The Dallas Morning News
Wednesday, June 23, 2004

Governor finds fiscal optimism on Mexico trip

Perry hopes Texas benefits from neighbor's recovery

By RICARDO SANDOVAL / The Dallas Morning News

MEXICO CITY – Trips to Mexico are nothing new to Texas Gov. Rick Perry – he even visited in 2001 for a few weeks of intense Spanish-language training.

Yet before this week, Mr. Perry had not traveled south with the exclusive goal of encouraging trade between Texas and Mexico.

Economists here said Wednesday that he picked the right time to visit. In the nation's bustling capital, Mr. Perry has found great optimism that the hard times of recent years are over for Texas' most important trading partner.

Mr. Perry met Wednesday with Mexican President Vicente Fox, and today addresses a gathering of Texas energy industry executives looking for business opportunities in Mexico. The Mexico City leg of the governor's three-day swing follows a stop in Monterrey, where he signed a pledge with three Mexican border-state governors to stimulate business.

The Mexican economy – tied by a lifeline to the fortunes of Texas and the United States – is reviving after three years of no growth, massive manufacturing layoffs and China's emergence as a favored location for offshore American factories.

In an address Wednesday to the American Chamber of Commerce in Mexico, Finance Minister Francisco Gil Díaz rolled out a red carpet for Mr. Perry with an upbeat prognosis for Mexico's financial health.

The country raised its economic growth forecast to 4 percent this year, up from 3 percent to 3.5 percent, on rising U.S. demand for its exports.

"We've always said the correlation was there. It was just a matter of waiting for the economy of the United States to recover," Mr. Díaz said.

Internally, Mexico is collecting more tax revenue. And the nation's cash cow – Petróleos de México, or Pemex – is receiving greater revenue from rising world oil prices and investing unprecedented amounts in new-well exploration.

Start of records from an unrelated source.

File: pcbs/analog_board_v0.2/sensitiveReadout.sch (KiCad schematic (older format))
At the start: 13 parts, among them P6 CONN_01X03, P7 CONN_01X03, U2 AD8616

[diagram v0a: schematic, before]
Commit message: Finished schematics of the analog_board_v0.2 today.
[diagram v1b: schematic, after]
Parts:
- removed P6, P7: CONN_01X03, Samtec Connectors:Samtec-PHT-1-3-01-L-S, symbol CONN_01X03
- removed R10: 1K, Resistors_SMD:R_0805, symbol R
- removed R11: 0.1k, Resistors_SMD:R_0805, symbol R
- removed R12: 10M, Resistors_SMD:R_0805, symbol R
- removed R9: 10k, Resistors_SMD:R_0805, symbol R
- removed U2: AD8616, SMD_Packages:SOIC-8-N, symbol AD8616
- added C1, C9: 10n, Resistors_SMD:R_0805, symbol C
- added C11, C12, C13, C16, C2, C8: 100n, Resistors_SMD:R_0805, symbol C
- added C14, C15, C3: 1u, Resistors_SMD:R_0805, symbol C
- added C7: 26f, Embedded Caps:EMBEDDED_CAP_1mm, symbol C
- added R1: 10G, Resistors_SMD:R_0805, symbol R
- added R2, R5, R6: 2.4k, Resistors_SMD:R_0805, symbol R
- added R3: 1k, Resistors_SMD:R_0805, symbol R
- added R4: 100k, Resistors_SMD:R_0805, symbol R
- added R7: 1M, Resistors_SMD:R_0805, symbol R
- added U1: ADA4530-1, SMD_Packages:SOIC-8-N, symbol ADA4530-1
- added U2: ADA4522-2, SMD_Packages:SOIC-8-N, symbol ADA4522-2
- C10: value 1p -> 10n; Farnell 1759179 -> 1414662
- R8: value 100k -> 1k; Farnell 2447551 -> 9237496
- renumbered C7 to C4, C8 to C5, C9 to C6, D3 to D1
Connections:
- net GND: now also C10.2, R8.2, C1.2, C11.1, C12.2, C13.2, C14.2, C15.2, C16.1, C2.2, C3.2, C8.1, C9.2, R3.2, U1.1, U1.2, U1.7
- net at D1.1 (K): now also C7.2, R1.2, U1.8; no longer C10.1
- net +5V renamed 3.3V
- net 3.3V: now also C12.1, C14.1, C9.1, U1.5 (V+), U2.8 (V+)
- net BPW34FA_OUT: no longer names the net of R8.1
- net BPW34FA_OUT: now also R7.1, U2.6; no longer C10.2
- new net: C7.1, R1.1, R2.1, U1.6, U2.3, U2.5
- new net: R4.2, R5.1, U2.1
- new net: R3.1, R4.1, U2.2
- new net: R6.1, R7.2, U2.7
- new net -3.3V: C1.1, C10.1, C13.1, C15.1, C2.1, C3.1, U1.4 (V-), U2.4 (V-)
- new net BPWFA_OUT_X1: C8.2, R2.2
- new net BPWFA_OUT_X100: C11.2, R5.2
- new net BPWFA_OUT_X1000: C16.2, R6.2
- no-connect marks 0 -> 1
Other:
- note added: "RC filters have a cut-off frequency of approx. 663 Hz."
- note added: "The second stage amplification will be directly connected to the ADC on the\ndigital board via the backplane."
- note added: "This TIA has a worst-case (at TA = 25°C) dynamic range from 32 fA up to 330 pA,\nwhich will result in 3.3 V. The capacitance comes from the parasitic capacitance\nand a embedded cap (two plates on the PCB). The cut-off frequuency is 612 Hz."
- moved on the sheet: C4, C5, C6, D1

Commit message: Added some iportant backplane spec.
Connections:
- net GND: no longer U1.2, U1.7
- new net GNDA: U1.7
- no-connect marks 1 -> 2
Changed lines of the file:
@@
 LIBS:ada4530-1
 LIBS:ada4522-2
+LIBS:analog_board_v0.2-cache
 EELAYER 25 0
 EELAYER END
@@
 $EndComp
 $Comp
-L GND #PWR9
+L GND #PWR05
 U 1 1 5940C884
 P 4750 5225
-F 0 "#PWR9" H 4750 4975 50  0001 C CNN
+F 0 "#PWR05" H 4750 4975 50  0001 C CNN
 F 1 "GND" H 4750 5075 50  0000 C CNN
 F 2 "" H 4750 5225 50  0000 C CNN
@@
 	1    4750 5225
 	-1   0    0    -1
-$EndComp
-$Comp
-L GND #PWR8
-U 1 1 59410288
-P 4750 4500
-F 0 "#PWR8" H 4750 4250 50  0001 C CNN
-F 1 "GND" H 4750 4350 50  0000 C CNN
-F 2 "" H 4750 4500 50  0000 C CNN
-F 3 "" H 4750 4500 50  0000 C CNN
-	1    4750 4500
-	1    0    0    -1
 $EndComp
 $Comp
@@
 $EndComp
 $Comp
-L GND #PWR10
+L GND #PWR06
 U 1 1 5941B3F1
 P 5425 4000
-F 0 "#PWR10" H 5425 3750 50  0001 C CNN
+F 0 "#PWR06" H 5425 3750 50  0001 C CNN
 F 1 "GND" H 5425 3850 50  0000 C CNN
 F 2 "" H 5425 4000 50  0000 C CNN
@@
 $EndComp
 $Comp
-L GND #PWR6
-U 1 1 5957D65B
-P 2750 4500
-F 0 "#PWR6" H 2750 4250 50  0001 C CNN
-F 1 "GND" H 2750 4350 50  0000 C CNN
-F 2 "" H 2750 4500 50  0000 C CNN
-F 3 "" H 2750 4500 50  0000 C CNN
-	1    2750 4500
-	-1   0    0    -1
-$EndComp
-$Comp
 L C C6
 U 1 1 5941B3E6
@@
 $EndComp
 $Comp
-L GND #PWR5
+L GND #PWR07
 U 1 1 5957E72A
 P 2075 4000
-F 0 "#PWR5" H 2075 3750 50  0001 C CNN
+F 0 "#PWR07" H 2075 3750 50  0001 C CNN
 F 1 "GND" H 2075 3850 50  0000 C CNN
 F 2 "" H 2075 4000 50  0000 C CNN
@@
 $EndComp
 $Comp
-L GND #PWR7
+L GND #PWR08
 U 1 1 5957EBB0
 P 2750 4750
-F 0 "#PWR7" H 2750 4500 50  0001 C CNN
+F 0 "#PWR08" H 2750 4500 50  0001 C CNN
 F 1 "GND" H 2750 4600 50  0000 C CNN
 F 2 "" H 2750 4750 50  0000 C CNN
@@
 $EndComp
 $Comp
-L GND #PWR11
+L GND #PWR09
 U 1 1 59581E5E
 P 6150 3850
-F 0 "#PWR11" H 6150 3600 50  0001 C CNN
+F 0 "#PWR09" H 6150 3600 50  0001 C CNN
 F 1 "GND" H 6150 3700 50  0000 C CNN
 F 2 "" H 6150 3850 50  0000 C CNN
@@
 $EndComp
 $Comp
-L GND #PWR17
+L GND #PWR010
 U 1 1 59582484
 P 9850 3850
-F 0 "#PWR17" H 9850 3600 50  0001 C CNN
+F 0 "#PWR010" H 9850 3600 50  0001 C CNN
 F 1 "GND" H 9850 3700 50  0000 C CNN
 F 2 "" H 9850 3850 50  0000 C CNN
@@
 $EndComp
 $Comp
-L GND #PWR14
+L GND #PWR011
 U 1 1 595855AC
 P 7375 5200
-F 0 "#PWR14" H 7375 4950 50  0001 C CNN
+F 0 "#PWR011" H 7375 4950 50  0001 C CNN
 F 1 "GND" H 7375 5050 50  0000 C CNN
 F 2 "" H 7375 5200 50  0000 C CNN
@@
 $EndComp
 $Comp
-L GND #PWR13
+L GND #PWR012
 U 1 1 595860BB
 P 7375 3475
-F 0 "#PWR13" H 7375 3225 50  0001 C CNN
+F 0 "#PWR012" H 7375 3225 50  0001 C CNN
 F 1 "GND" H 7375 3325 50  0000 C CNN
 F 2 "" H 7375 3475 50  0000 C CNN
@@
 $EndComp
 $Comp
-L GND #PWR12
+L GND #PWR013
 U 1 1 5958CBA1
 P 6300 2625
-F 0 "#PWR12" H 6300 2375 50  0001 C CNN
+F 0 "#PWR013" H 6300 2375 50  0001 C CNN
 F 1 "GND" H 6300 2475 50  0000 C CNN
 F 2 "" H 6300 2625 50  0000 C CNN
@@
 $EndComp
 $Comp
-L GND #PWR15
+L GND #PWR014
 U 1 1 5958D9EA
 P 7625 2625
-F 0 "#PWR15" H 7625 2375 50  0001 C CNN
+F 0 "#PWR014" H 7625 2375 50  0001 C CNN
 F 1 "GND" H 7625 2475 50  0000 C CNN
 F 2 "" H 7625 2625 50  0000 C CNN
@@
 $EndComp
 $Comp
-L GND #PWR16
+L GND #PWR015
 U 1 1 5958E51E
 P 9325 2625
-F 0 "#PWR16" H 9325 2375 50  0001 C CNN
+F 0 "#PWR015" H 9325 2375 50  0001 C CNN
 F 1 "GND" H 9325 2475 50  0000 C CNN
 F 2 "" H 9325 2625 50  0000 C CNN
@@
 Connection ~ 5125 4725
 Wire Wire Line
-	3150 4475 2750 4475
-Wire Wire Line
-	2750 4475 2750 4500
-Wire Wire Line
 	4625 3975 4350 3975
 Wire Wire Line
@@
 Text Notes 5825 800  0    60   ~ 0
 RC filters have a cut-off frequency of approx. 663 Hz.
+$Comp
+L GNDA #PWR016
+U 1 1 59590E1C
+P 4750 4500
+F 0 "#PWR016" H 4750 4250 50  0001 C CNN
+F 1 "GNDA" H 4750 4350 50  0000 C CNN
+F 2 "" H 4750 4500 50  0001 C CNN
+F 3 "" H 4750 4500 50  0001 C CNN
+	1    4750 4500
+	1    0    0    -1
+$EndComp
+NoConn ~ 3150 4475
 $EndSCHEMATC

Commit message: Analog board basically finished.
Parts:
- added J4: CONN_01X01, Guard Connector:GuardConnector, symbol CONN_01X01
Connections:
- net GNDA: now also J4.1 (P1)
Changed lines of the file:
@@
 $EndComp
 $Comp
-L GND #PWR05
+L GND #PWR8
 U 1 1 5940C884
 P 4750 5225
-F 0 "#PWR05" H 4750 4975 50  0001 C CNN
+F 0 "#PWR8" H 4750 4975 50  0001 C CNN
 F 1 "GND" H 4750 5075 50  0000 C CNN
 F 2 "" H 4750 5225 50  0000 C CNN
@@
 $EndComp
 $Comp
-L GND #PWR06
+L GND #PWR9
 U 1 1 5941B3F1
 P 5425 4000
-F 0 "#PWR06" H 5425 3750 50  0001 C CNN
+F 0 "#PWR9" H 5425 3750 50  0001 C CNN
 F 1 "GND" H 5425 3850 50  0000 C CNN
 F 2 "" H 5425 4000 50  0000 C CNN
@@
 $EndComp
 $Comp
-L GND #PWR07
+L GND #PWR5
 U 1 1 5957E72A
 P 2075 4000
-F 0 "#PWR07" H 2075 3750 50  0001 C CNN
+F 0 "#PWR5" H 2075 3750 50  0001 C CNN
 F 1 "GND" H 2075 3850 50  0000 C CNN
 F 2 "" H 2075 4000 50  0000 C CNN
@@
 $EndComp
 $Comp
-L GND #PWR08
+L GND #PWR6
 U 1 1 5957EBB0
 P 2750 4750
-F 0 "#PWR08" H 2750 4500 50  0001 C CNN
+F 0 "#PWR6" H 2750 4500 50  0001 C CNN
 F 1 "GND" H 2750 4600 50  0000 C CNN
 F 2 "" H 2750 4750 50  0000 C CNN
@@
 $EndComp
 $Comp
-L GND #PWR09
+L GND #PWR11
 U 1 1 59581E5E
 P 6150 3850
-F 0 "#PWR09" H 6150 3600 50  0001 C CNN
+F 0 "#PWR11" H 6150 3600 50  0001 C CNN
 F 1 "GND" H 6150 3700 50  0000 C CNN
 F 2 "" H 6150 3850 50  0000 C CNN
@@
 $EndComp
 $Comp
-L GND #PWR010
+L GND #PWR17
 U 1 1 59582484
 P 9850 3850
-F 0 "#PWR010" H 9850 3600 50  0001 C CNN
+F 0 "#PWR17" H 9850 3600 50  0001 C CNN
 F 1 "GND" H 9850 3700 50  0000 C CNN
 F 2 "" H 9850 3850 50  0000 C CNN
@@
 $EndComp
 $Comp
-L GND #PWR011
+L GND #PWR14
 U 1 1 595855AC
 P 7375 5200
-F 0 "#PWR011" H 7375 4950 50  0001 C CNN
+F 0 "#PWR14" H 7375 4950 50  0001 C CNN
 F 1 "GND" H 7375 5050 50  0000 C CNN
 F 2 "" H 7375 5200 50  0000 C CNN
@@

Mexican officials said Wednesday that the recovery and current growth projections are the result of more than a global upturn and the country's U.S. ties.

"All world economies were stagnant for three years. Today, that's changed," said President Fox in an address to executives of Mexico's mining industry, which has grown 5 percent in 2004. "But mainly, things have changed inside our country."

The Mexican government has also improved its financial stability, converting the bulk of its weighty external debt to longer-term, dollar-based notes with lower interest rates.

Against this backdrop, Mr. Perry arrived looking to boost Texas' trade position.

The state benefits from proximity, and the fact that a majority of U.S.-Mexico trade flows on trucks and trains. Most of that traffic –$41.5 billion – rolls through Texas. Total U.S.-Mexico trade was $235.5 billion in 2003.

"Every dollar of increased trade means greater opportunities for new jobs in Texas," Mr. Perry said before embarking on his tour.

Even so, he will have to deal with some unresolved Texas- Mexico disputes:

• Texas Agricultural Commissioner Susan Combs' request that Mexico suspend plans, announced this week, to inspect imported livestock from the United States.

• Fears that Mexico is doing too little to ensure future compliance with a cross-border water treaty.

• Texas' refusal to accept consular identification cards as official I.D. for Mexican migrants in the states.

Moreover, Mr. Perry's address to Texas energy executives today may ring hollow, because Mexico has no plans to change constitutional barriers to significant foreign involvement in the country's nationalized oil and energy sectors.

Mr. Fox's attempts to reform Mexico's energy laws have largely failed. And Mexico has posted mixed results in its recent sale of service contracts for exploration and development in Mexico's natural-gas rich Burgos Basin, near the Texas border.

Despite the barriers, Mr. Perry said he will look for ways Texas firms can make money in Mexico off of investments in everything from road construction to cross-border gas pipelines.